*** RECORDS FOR THIS EXERCISE ***

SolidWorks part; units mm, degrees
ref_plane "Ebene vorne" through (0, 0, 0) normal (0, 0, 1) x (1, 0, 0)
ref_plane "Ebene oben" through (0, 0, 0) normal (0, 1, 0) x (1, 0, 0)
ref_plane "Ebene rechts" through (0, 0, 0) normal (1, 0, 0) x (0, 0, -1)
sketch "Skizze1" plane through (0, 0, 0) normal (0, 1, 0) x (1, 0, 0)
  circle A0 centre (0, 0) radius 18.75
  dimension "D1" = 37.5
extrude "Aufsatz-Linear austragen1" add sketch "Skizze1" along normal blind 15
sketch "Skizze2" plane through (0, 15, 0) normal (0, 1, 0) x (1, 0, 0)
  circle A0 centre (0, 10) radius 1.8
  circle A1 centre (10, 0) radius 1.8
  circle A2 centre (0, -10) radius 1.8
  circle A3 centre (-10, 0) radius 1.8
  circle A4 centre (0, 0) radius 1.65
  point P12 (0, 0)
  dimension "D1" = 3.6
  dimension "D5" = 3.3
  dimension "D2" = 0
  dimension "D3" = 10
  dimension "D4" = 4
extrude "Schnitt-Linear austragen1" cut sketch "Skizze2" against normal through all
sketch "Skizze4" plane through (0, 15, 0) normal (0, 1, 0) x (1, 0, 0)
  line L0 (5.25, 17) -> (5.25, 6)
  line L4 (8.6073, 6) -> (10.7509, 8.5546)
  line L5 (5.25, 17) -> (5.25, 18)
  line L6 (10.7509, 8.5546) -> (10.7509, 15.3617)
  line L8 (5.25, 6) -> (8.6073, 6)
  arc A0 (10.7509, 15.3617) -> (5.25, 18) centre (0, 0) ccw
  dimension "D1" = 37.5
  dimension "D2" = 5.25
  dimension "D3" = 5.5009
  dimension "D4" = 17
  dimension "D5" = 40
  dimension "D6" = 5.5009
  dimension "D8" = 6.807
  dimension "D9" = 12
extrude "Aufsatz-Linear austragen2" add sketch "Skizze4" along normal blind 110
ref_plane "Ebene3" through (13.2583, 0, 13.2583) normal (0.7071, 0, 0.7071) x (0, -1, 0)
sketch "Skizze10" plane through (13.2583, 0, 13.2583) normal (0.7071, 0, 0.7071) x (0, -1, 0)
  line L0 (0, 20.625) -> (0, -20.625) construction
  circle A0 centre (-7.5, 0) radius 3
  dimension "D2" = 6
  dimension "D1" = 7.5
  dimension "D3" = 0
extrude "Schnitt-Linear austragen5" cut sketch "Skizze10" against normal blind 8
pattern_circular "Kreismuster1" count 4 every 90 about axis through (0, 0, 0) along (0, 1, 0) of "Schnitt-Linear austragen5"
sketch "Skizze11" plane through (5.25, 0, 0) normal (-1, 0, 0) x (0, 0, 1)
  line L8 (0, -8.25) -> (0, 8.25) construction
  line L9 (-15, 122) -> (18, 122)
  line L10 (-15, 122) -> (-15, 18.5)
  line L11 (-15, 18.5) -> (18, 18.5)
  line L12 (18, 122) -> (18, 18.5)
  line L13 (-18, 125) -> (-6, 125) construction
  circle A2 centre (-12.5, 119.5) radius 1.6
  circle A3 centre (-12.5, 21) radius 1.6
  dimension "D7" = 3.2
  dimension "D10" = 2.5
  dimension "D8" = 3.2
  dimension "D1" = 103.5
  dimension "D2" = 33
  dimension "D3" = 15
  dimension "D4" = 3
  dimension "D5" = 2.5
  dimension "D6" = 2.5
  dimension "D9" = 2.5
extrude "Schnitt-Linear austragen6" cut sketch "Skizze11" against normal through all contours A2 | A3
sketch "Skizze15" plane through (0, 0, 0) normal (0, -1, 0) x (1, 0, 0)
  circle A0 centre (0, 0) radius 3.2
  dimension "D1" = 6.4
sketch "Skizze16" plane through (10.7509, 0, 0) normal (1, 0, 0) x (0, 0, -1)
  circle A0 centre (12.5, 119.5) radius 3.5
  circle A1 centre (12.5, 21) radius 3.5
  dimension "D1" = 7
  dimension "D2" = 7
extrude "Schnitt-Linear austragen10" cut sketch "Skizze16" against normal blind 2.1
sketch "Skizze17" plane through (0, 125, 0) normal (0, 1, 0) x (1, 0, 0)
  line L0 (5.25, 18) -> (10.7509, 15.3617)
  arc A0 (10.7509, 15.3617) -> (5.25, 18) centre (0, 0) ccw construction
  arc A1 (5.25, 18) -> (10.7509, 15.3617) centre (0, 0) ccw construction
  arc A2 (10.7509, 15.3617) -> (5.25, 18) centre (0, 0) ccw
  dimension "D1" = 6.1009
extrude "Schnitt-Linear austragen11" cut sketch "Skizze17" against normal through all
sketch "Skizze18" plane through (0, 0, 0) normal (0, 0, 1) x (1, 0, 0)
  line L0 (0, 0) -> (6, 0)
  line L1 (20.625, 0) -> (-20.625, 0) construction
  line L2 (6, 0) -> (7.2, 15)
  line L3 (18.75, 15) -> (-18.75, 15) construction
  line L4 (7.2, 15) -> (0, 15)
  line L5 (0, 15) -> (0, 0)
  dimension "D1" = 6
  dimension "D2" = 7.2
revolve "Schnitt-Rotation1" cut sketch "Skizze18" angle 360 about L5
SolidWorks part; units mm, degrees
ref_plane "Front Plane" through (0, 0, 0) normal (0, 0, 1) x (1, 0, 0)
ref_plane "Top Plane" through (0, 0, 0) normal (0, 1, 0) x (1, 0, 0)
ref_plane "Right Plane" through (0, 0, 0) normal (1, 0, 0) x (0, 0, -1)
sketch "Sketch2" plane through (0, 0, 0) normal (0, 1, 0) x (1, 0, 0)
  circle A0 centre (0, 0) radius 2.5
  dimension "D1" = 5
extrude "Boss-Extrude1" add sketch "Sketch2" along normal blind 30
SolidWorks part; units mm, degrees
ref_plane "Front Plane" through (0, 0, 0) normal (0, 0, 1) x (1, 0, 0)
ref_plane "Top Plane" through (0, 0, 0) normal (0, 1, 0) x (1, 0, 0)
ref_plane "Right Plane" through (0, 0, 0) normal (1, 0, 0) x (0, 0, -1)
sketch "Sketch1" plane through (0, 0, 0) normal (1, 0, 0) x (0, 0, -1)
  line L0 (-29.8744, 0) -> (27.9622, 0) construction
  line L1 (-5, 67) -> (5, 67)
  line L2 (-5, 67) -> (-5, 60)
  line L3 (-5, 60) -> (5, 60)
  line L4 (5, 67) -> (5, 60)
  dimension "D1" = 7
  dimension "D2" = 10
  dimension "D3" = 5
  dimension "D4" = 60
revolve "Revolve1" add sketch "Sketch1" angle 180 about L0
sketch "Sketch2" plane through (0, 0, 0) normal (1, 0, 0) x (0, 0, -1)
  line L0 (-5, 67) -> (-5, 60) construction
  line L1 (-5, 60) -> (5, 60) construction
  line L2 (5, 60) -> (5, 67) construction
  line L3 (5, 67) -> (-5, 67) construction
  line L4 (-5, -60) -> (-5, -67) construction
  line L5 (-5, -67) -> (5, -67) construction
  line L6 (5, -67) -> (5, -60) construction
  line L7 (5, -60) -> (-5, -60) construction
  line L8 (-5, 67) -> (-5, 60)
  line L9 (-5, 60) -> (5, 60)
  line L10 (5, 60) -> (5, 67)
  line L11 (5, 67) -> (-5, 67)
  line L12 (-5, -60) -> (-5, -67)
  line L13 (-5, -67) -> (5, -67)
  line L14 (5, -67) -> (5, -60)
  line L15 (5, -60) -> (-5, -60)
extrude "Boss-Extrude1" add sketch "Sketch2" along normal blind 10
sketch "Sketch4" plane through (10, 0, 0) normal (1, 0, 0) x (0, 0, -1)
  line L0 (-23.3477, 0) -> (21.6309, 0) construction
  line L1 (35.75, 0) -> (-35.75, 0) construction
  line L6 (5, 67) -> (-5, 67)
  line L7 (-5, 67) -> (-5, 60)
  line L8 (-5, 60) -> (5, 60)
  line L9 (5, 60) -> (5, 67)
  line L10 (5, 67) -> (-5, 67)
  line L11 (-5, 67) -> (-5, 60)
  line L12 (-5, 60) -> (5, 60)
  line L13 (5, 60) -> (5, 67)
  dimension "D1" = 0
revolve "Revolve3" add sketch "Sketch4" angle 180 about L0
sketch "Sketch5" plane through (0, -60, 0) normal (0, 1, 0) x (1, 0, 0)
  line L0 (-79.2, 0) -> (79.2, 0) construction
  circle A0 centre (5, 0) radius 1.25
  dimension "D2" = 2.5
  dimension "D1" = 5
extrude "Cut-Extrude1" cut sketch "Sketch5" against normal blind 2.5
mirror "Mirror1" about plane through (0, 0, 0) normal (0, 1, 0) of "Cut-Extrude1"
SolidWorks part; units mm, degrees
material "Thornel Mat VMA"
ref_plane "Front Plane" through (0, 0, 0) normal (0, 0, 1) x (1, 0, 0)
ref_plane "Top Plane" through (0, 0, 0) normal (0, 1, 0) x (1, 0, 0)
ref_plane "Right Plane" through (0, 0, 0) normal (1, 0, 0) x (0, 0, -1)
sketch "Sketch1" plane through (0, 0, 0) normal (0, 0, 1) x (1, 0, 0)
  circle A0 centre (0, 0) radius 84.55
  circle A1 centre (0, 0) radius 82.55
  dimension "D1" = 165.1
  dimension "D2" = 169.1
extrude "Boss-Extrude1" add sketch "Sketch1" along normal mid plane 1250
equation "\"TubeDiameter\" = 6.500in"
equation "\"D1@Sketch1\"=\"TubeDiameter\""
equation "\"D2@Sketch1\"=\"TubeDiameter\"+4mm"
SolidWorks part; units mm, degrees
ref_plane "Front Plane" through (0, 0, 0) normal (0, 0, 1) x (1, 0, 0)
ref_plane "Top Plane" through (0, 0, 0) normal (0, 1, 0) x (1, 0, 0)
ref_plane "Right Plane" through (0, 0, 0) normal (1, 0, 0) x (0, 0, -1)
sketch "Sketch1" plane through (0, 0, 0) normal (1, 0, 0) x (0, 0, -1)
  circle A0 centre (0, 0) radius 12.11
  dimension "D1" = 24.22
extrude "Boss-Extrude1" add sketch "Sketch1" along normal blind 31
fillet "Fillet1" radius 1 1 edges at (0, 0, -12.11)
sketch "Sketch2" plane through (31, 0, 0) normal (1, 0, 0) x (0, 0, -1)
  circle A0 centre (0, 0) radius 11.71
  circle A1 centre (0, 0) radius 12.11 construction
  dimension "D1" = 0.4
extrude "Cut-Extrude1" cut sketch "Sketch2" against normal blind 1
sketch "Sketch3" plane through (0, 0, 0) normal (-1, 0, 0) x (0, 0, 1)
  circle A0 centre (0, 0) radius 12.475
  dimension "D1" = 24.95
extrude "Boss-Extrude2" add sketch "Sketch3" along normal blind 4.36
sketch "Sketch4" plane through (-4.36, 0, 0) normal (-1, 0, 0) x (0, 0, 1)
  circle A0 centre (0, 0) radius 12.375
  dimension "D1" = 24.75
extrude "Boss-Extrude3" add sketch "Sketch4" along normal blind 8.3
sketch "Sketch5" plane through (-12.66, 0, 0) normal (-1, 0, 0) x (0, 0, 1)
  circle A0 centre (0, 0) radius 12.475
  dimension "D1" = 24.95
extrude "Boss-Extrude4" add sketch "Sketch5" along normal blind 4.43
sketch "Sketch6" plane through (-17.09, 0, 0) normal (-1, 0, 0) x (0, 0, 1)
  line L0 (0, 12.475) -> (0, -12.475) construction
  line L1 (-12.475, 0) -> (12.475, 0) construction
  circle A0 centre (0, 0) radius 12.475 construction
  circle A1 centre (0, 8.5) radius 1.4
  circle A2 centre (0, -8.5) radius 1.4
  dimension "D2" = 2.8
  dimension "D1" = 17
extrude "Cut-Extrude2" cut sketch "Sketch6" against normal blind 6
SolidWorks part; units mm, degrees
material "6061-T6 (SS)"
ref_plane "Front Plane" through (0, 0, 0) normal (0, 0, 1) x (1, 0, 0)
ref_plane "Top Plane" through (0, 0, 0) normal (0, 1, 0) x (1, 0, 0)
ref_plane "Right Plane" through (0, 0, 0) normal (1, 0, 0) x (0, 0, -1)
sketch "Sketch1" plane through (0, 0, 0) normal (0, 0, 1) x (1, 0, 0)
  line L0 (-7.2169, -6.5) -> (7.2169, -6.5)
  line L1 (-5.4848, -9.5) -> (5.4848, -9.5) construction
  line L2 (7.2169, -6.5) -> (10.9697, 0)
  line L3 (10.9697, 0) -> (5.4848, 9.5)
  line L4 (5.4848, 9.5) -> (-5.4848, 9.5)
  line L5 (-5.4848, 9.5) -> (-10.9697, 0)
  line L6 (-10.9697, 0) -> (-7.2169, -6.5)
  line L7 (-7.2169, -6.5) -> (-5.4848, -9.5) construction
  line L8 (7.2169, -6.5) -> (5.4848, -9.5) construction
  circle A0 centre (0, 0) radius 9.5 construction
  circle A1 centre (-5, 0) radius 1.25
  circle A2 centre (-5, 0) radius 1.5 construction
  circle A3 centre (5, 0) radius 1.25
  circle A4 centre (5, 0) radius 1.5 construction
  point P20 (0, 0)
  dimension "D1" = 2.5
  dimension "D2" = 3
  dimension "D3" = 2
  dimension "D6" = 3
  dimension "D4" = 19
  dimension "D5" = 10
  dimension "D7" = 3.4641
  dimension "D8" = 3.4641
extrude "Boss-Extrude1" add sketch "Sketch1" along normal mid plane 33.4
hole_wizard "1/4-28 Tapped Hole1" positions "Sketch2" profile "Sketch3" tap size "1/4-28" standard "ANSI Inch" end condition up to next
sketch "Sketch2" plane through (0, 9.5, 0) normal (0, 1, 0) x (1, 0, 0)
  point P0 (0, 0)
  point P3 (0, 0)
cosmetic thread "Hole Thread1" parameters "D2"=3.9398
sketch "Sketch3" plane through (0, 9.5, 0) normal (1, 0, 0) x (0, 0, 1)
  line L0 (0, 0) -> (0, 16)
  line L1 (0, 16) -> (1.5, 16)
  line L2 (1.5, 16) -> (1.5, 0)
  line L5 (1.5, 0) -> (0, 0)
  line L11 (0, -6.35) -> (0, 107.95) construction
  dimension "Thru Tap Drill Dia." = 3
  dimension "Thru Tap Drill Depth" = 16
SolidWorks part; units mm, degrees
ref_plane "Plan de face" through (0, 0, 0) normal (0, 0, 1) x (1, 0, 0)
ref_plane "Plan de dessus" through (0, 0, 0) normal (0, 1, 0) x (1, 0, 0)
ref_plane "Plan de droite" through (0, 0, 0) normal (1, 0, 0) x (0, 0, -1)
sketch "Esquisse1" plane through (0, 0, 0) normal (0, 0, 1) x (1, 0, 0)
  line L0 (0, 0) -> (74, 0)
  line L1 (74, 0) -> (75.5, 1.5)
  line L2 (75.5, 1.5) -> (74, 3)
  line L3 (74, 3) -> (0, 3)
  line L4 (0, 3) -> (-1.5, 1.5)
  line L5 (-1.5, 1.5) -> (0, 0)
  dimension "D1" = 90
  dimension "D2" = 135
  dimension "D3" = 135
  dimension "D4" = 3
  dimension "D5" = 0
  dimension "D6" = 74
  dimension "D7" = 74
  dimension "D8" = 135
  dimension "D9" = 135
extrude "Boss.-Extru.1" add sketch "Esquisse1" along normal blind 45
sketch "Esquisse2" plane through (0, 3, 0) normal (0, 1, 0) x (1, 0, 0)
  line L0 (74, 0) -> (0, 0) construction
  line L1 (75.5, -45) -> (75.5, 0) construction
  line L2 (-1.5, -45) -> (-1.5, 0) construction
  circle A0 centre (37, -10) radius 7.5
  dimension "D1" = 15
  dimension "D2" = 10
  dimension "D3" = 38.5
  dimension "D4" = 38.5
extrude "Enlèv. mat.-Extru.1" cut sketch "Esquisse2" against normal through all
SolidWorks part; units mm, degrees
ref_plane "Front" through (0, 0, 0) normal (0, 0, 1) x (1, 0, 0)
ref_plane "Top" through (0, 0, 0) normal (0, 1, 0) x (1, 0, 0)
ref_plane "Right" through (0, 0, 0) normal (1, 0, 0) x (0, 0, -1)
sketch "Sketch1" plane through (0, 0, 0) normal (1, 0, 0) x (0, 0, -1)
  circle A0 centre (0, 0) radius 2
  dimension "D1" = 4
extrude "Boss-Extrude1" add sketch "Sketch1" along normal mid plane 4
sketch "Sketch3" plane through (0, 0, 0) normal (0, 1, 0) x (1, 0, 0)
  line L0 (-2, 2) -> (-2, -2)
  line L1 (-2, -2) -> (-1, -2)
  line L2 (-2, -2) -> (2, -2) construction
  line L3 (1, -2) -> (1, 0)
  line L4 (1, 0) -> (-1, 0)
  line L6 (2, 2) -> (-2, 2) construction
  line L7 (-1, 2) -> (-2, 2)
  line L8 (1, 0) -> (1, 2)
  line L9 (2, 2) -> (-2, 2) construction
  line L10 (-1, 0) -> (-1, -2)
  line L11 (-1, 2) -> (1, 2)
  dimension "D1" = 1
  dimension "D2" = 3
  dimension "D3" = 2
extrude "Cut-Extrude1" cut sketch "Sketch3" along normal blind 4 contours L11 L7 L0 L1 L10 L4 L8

*** End of RECORDS FOR THIS EXERCISE ***

◆ **REQUIREMENT**: Only one span is wanted. It runs from the first line of the listing through the line with "normal blind 110", and each line must match exactly.

◆ **OUTPUT FOR THIS TASK**:
SolidWorks part; units mm, degrees
ref_plane "Ebene vorne" through (0, 0, 0) normal (0, 0, 1) x (1, 0, 0)
ref_plane "Ebene oben" through (0, 0, 0) normal (0, 1, 0) x (1, 0, 0)
ref_plane "Ebene rechts" through (0, 0, 0) normal (1, 0, 0) x (0, 0, -1)
sketch "Skizze1" plane through (0, 0, 0) normal (0, 1, 0) x (1, 0, 0)
  circle A0 centre (0, 0) radius 18.75
  dimension "D1" = 37.5
extrude "Aufsatz-Linear austragen1" add sketch "Skizze1" along normal blind 15
sketch "Skizze2" plane through (0, 15, 0) normal (0, 1, 0) x (1, 0, 0)
  circle A0 centre (0, 10) radius 1.8
  circle A1 centre (10, 0) radius 1.8
  circle A2 centre (0, -10) radius 1.8
  circle A3 centre (-10, 0) radius 1.8
  circle A4 centre (0, 0) radius 1.65
  point P12 (0, 0)
  dimension "D1" = 3.6
  dimension "D5" = 3.3
  dimension "D2" = 0
  dimension "D3" = 10
  dimension "D4" = 4
extrude "Schnitt-Linear austragen1" cut sketch "Skizze2" against normal through all
sketch "Skizze4" plane through (0, 15, 0) normal (0, 1, 0) x (1, 0, 0)
  line L0 (5.25, 17) -> (5.25, 6)
  line L4 (8.6073, 6) -> (10.7509, 8.5546)
  line L5 (5.25, 17) -> (5.25, 18)
  line L6 (10.7509, 8.5546) -> (10.7509, 15.3617)
  line L8 (5.25, 6) -> (8.6073, 6)
  arc A0 (10.7509, 15.3617) -> (5.25, 18) centre (0, 0) ccw
  dimension "D1" = 37.5
  dimension "D2" = 5.25
  dimension "D3" = 5.5009
  dimension "D4" = 17
  dimension "D5" = 40
  dimension "D6" = 5.5009
  dimension "D8" = 6.807
  dimension "D9" = 12
extrude "Aufsatz-Linear austragen2" add sketch "Skizze4" along normal blind 110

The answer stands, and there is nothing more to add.